REQUIREMENT: What you return must be the lines of the data that hold the word "xref".

DATA PROVIDED:
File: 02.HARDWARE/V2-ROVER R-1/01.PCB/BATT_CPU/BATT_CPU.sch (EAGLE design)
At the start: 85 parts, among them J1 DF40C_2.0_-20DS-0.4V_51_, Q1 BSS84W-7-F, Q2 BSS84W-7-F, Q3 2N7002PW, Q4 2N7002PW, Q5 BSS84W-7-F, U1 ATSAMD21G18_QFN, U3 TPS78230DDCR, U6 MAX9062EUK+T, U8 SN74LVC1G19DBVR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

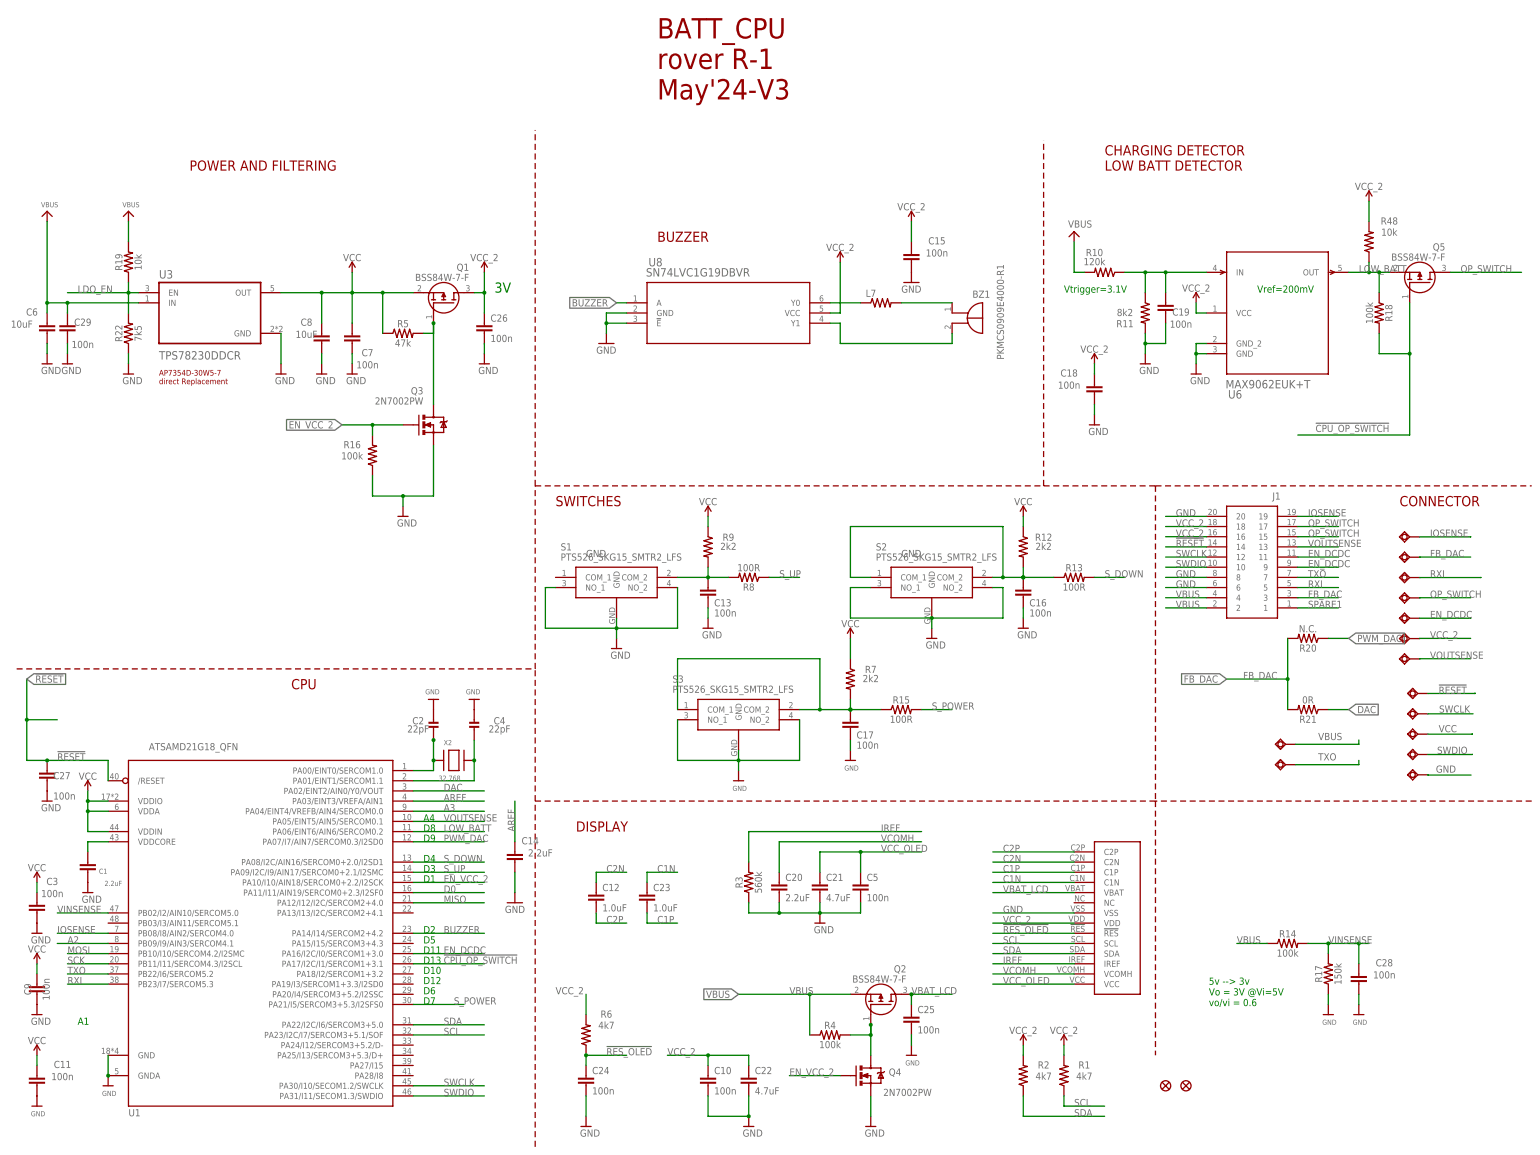
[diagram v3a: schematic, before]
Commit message: Cambios menores en esquematico
Se corrigen valores de Resistencias para PWM
Actualizado el titulo del esquematico
Limpieza general
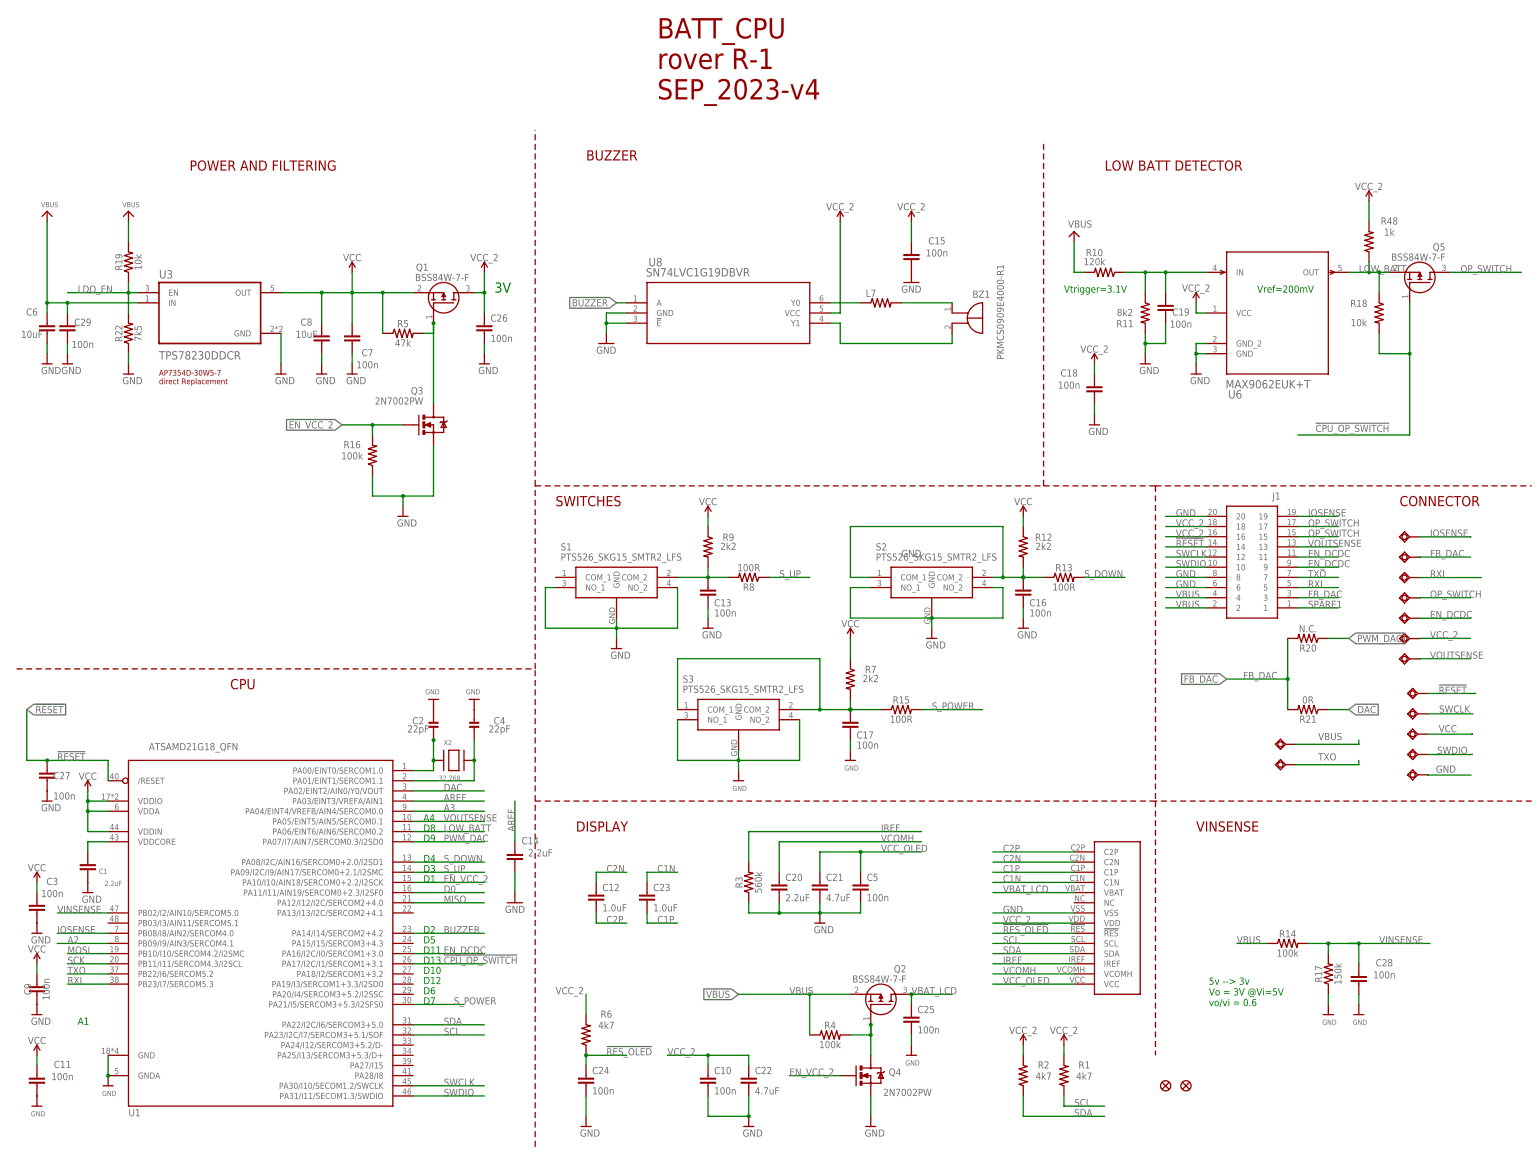
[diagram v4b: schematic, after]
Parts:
- R18: value 100k -> 10k
- R48: value 10k -> 1k
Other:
- note added: "BATT_CPU rover R-1 SEP_2023-v4"
- note added: "LOW BATT DETECTOR"
- note added: "VINSENSE"
- note removed: "BATT_CPU rover R-1 May'24-V3"
- note removed: "CHARGING DETECTOR LOW BATT DETECTOR"
- moved on the sheet: R13
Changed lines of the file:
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@@
 <part name="U$30" library="OLED 66 64x48" deviceset="64X32_OLED_049" device=""/>
 <part name="C19" library="SparkFun-Capacitors" library_urn="urn:adsk.eagle:library:510" deviceset="0.1UF" device="-0402-16V-10%" package3d_urn="urn:adsk.eagle:package:37413/1" value="100n"/>
-<part name="R48" library="SparkFun-Resistors" library_urn="urn:adsk.eagle:library:532" deviceset="RESISTOR" device="0402" package3d_urn="urn:adsk.eagle:package:39657/1" value="10k"/>
+<part name="R48" library="SparkFun-Resistors" library_urn="urn:adsk.eagle:library:532" deviceset="RESISTOR" device="0402" package3d_urn="urn:adsk.eagle:package:39657/1" value="1k"/>
 <part name="Q1" library="BSS84W-7-F" deviceset="BSS84W-7-F" device=""/>
 <part name="R5" library="SparkFun-Resistors" library_urn="urn:adsk.eagle:library:532" deviceset="RESISTOR" device="0402" package3d_urn="urn:adsk.eagle:package:39657/1" value="47k"/>
@@
 <part name="SUPPLY11" library="SparkFun-PowerSymbols" deviceset="VCC" device="" value="VCC_2"/>
 <part name="Q5" library="BSS84W-7-F" deviceset="BSS84W-7-F" device=""/>
-<part name="R18" library="SparkFun-Resistors" library_urn="urn:adsk.eagle:library:532" deviceset="RESISTOR" device="0402" package3d_urn="urn:adsk.eagle:package:39657/1" value="100k"/>
+<part name="R18" library="SparkFun-Resistors" library_urn="urn:adsk.eagle:library:532" deviceset="RESISTOR" device="0402" package3d_urn="urn:adsk.eagle:package:39657/1" value="10k"/>
 <part name="U$31" library="microbuilder" deviceset="GND" device=""/>
 <part name="C27" library="SparkFun-Capacitors" library_urn="urn:adsk.eagle:library:510" deviceset="0.1UF" device="-0402-16V-10%" package3d_urn="urn:adsk.eagle:package:37413/1" value="100n"/>
@@
 <wire x1="134.62" y1="167.64" x2="134.62" y2="256.54" width="0.1524" layer="94" style="shortdash"/>
 <wire x1="289.56" y1="88.9" x2="134.62" y2="88.9" width="0.1524" layer="94" style="shortdash"/>
-<text x="165.1" y="228.6" size="2.54" layer="94">BUZZER</text>
+<text x="147.32" y="248.92" size="2.54" layer="94">BUZZER</text>
 <text x="40.64" y="193.04" size="1.4224" layer="94">AP7354D-30W5-7
 direct Replacement</text>
@@
 <text x="20.32" y="33.02" size="1.778" layer="91">A1</text>
 <wire x1="134.62" y1="167.64" x2="261.62" y2="167.64" width="0.1524" layer="94" style="shortdash"/>
-<text x="276.86" y="246.38" size="2.54" layer="94">CHARGING DETECTOR
-LOW BATT DETECTOR</text>
-<text x="73.66" y="116.84" size="2.54" layer="94">CPU</text>
+<text x="276.86" y="246.38" size="2.54" layer="94">LOW BATT DETECTOR</text>
+<text x="58.42" y="116.84" size="2.54" layer="94">CPU</text>
 <wire x1="261.62" y1="167.64" x2="289.56" y2="167.64" width="0.1524" layer="94" style="shortdash"/>
 <wire x1="289.56" y1="167.64" x2="383.54" y2="167.64" width="0.1524" layer="94" style="shortdash"/>
@@
 <text x="165.1" y="264.16" size="5.08" layer="94">BATT_CPU
 rover R-1
-May'24-V3</text>
+SEP_2023-v4</text>
 <text x="144.78" y="81.28" size="2.54" layer="94">DISPLAY</text>
 <text x="139.7" y="162.56" size="2.54" layer="94">SWITCHES</text>
 <text x="350.52" y="162.56" size="2.54" layer="94">CONNECTOR</text>
 <wire x1="383.54" y1="88.9" x2="289.56" y2="88.9" width="0.1524" layer="94" style="shortdash"/>
+<text x="299.72" y="81.28" size="2.54" layer="94">VINSENSE</text>
 </plain>
 <instances>
 <instance part="C6" gate="G$1" x="12.7" y="205.74" smashed="yes">
 <attribute name="NAME" x="8.91" y="211.07" size="1.778" layer="95" font="vector" ratio="7" rot="R180" align="center"/>
-<attribute name="VALUE" x="6.37" y="208.04" size="1.778" layer="96" font="vector" ratio="7" rot="R180" align="center"/>
+<attribute name="VALUE" x="8.91" y="205.5" size="1.778" layer="96" font="vector" ratio="7" rot="R180" align="center"/>
 </instance>
 <instance part="U$27" gate="G$1" x="12.7" y="198.12" smashed="yes">
@@
 </instance>
 <instance part="S3" gate="G$1" x="170.18" y="111.76" smashed="yes">
-<attribute name="NAME" x="168.91" y="119.38" size="1.778" layer="95" align="center-left"/>
-<attribute name="VALUE" x="168.91" y="116.84" size="1.778" layer="96" align="center-left"/>
+<attribute name="NAME" x="171.45" y="119.38" size="1.778" layer="95" align="center-left"/>
+<attribute name="VALUE" x="171.45" y="116.84" size="1.778" layer="96" align="center-left"/>
 </instance>
 <instance part="U$13" gate="G$1" x="185.42" y="93.98" smashed="yes">
@@
 <attribute name="VALUE" x="261.62" y="153.416" size="1.778" layer="96" font="vector" ratio="7" align="top-center"/>
 </instance>
-<instance part="R13" gate="G$1" x="269.24" y="144.78" smashed="yes">
-<attribute name="NAME" x="269.24" y="146.304" size="1.778" layer="95" font="vector" ratio="7" align="bottom-center"/>
-<attribute name="VALUE" x="269.24" y="143.256" size="1.778" layer="96" font="vector" ratio="7" align="top-center"/>
+<instance part="R13" gate="G$1" x="266.7" y="144.78" smashed="yes">
+<attribute name="NAME" x="266.7" y="146.304" size="1.778" layer="95" font="vector" ratio="7" align="bottom-center"/>
+<attribute name="VALUE" x="266.7" y="143.256" size="1.778" layer="96" font="vector" ratio="7" align="top-center"/>
 </instance>
 <instance part="SUPPLY6" gate="G$1" x="177.8" y="160.02" smashed="yes">
@@
 </instance>
 <instance part="Q1" gate="G$1" x="109.22" y="208.28" smashed="yes" rot="MR90">
-<attribute name="NAME" x="118.11" y="222.25" size="1.778" layer="95" rot="MR0" align="center-left"/>
+<attribute name="NAME" x="107.95" y="222.25" size="1.778" layer="95" rot="MR0" align="center-left"/>
 <attribute name="VALUE" x="118.11" y="219.71" size="1.778" layer="96" rot="MR0" align="center-left"/>
 </instance>
@@
 <attribute name="VALUE" x="213.36" y="132.334" size="1.778" layer="96" align="bottom-center"/>
 </instance>
-<instance part="SUPPLY15" gate="G$1" x="210.82" y="223.52" smashed="yes">
-<attribute name="VALUE" x="210.82" y="226.314" size="1.778" layer="96" align="bottom-center"/>
+<instance part="SUPPLY15" gate="G$1" x="210.82" y="233.68" smashed="yes">
+<attribute name="VALUE" x="210.82" y="236.474" size="1.778" layer="96" align="bottom-center"/>
 </instance>
 <instance part="SUPPLY16" gate="G$1" x="228.6" y="233.68" smashed="yes">
@@
 </instance>
 <instance part="R18" gate="G$1" x="345.44" y="210.82" smashed="yes" rot="R270">
-<attribute name="NAME" x="346.964" y="210.82" size="1.778" layer="95" font="vector" ratio="7" rot="R270" align="bottom-center"/>
-<attribute name="VALUE" x="343.916" y="210.82" size="1.778" layer="96" font="vector" ratio="7" rot="R270" align="top-center"/>
+<attribute name="NAME" x="340.36" y="212.344" size="1.778" layer="95" font="vector" ratio="7" align="bottom-center"/>
+<attribute name="VALUE" x="340.36" y="209.296" size="1.778" layer="96" font="vector" ratio="7" align="top-center"/>
 </instance>
 <instance part="U$31" gate="G$1" x="147.32" y="7.62" smashed="yes">
@@
 <pinref part="S1" gate="G$1" pin="GND"/>
 <wire x1="154.94" y1="134.62" x2="154.94" y2="132.08" width="0.1524" layer="91"/>
-<label x="147.32" y="149.86" size="1.778" layer="95"/>
 <pinref part="U$19" gate="G$1" pin="GND"/>
 <pinref part="S1" gate="G$1" pin="NO_1"/>
@@
 <junction x="12.7" y="99.06"/>
 <wire x1="12.7" y1="99.06" x2="7.62" y2="99.06" width="0.1524" layer="91"/>
-<wire x1="7.62" y1="99.06" x2="7.62" y2="109.22" width="0.1524" layer="91"/>
-<label x="7.62" y="119.38" size="1.778" layer="95" xref="yes"/>
-<wire x1="7.62" y1="109.22" x2="7.62" y2="119.38" width="0.1524" layer="91"/>
-<wire x1="15.24" y1="109.22" x2="7.62" y2="109.22" width="0.1524" layer="91"/>
-<junction x="7.62" y="109.22"/>
+<label x="7.62" y="111.76" size="1.778" layer="95" xref="yes"/>
+<wire x1="7.62" y1="99.06" x2="7.62" y2="111.76" width="0.1524" layer="91"/>
 </segment>
 <segment>
@@
 <segment>
 <pinref part="R8" gate="G$1" pin="1"/>
-<wire x1="193.04" y1="144.78" x2="200.66" y2="144.78" width="0.1524" layer="91"/>
+<wire x1="193.04" y1="144.78" x2="203.2" y2="144.78" width="0.1524" layer="91"/>
 <label x="195.58" y="144.78" size="1.778" layer="95"/>
 </segment>
@@
 <segment>
 <pinref part="R13" gate="G$1" pin="2"/>
-<wire x1="274.32" y1="144.78" x2="281.94" y2="144.78" width="0.1524" layer="91"/>
-<label x="276.86" y="144.78" size="1.778" layer="95"/>
+<wire x1="271.78" y1="144.78" x2="281.94" y2="144.78" width="0.1524" layer="91"/>
+<label x="271.78" y="144.78" size="1.778" layer="95"/>
 </segment>
 </net>
@@
 <wire x1="332.74" y1="53.34" x2="340.36" y2="53.34" width="0.1524" layer="91"/>
 <junction x="332.74" y="53.34"/>
-<label x="332.74" y="53.34" size="1.778" layer="95"/>
+<label x="345.44" y="53.34" size="1.778" layer="95"/>
 <pinref part="C28" gate="G$1" pin="1"/>
-<wire x1="340.36" y1="53.34" x2="342.9" y2="53.34" width="0.1524" layer="91"/>
+<wire x1="340.36" y1="53.34" x2="358.14" y2="53.34" width="0.1524" layer="91"/>
 <wire x1="340.36" y1="48.26" x2="340.36" y2="53.34" width="0.1524" layer="91"/>
 <wire x1="337.82" y1="53.34" x2="340.36" y2="53.34" width="0.1524" layer="91"/>
@@
 <wire x1="256.54" y1="144.78" x2="256.54" y2="147.32" width="0.1524" layer="91"/>
 <pinref part="R13" gate="G$1" pin="1"/>
-<wire x1="256.54" y1="144.78" x2="264.16" y2="144.78" width="0.1524" layer="91"/>
+<wire x1="256.54" y1="144.78" x2="261.62" y2="144.78" width="0.1524" layer="91"/>
 <junction x="256.54" y="144.78"/>
 <junction x="256.54" y="144.78"/>
@@
 <segment>
 <pinref part="R15" gate="G$1" pin="2"/>
-<wire x1="231.14" y1="111.76" x2="238.76" y2="111.76" width="0.1524" layer="91"/>
+<wire x1="231.14" y1="111.76" x2="246.38" y2="111.76" width="0.1524" layer="91"/>
 <label x="233.68" y="111.76" size="1.778" layer="95"/>
 </segment>
@@
 <pinref part="U8" gate="A" pin="VCC"/>
 <wire x1="208.28" y1="210.82" x2="210.82" y2="210.82" width="0.1524" layer="91"/>
-<wire x1="210.82" y1="210.82" x2="210.82" y2="223.52" width="0.1524" layer="91"/>
+<wire x1="210.82" y1="210.82" x2="210.82" y2="233.68" width="0.1524" layer="91"/>
 <pinref part="SUPPLY15" gate="G$1" pin="VCC"/>
 </segment>

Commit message: Fix error
Solucion de inconsistencia de valores entre el BRD y el SCH
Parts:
- R5: value 47k -> 100k
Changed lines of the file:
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@@
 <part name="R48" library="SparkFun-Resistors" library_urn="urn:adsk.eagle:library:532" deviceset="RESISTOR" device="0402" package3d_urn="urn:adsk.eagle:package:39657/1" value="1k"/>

EXERCISE ANSWER:
-<label x="7.62" y="119.38" size="1.778" layer="95" xref="yes"/>
+<label x="7.62" y="111.76" size="1.778" layer="95" xref="yes"/>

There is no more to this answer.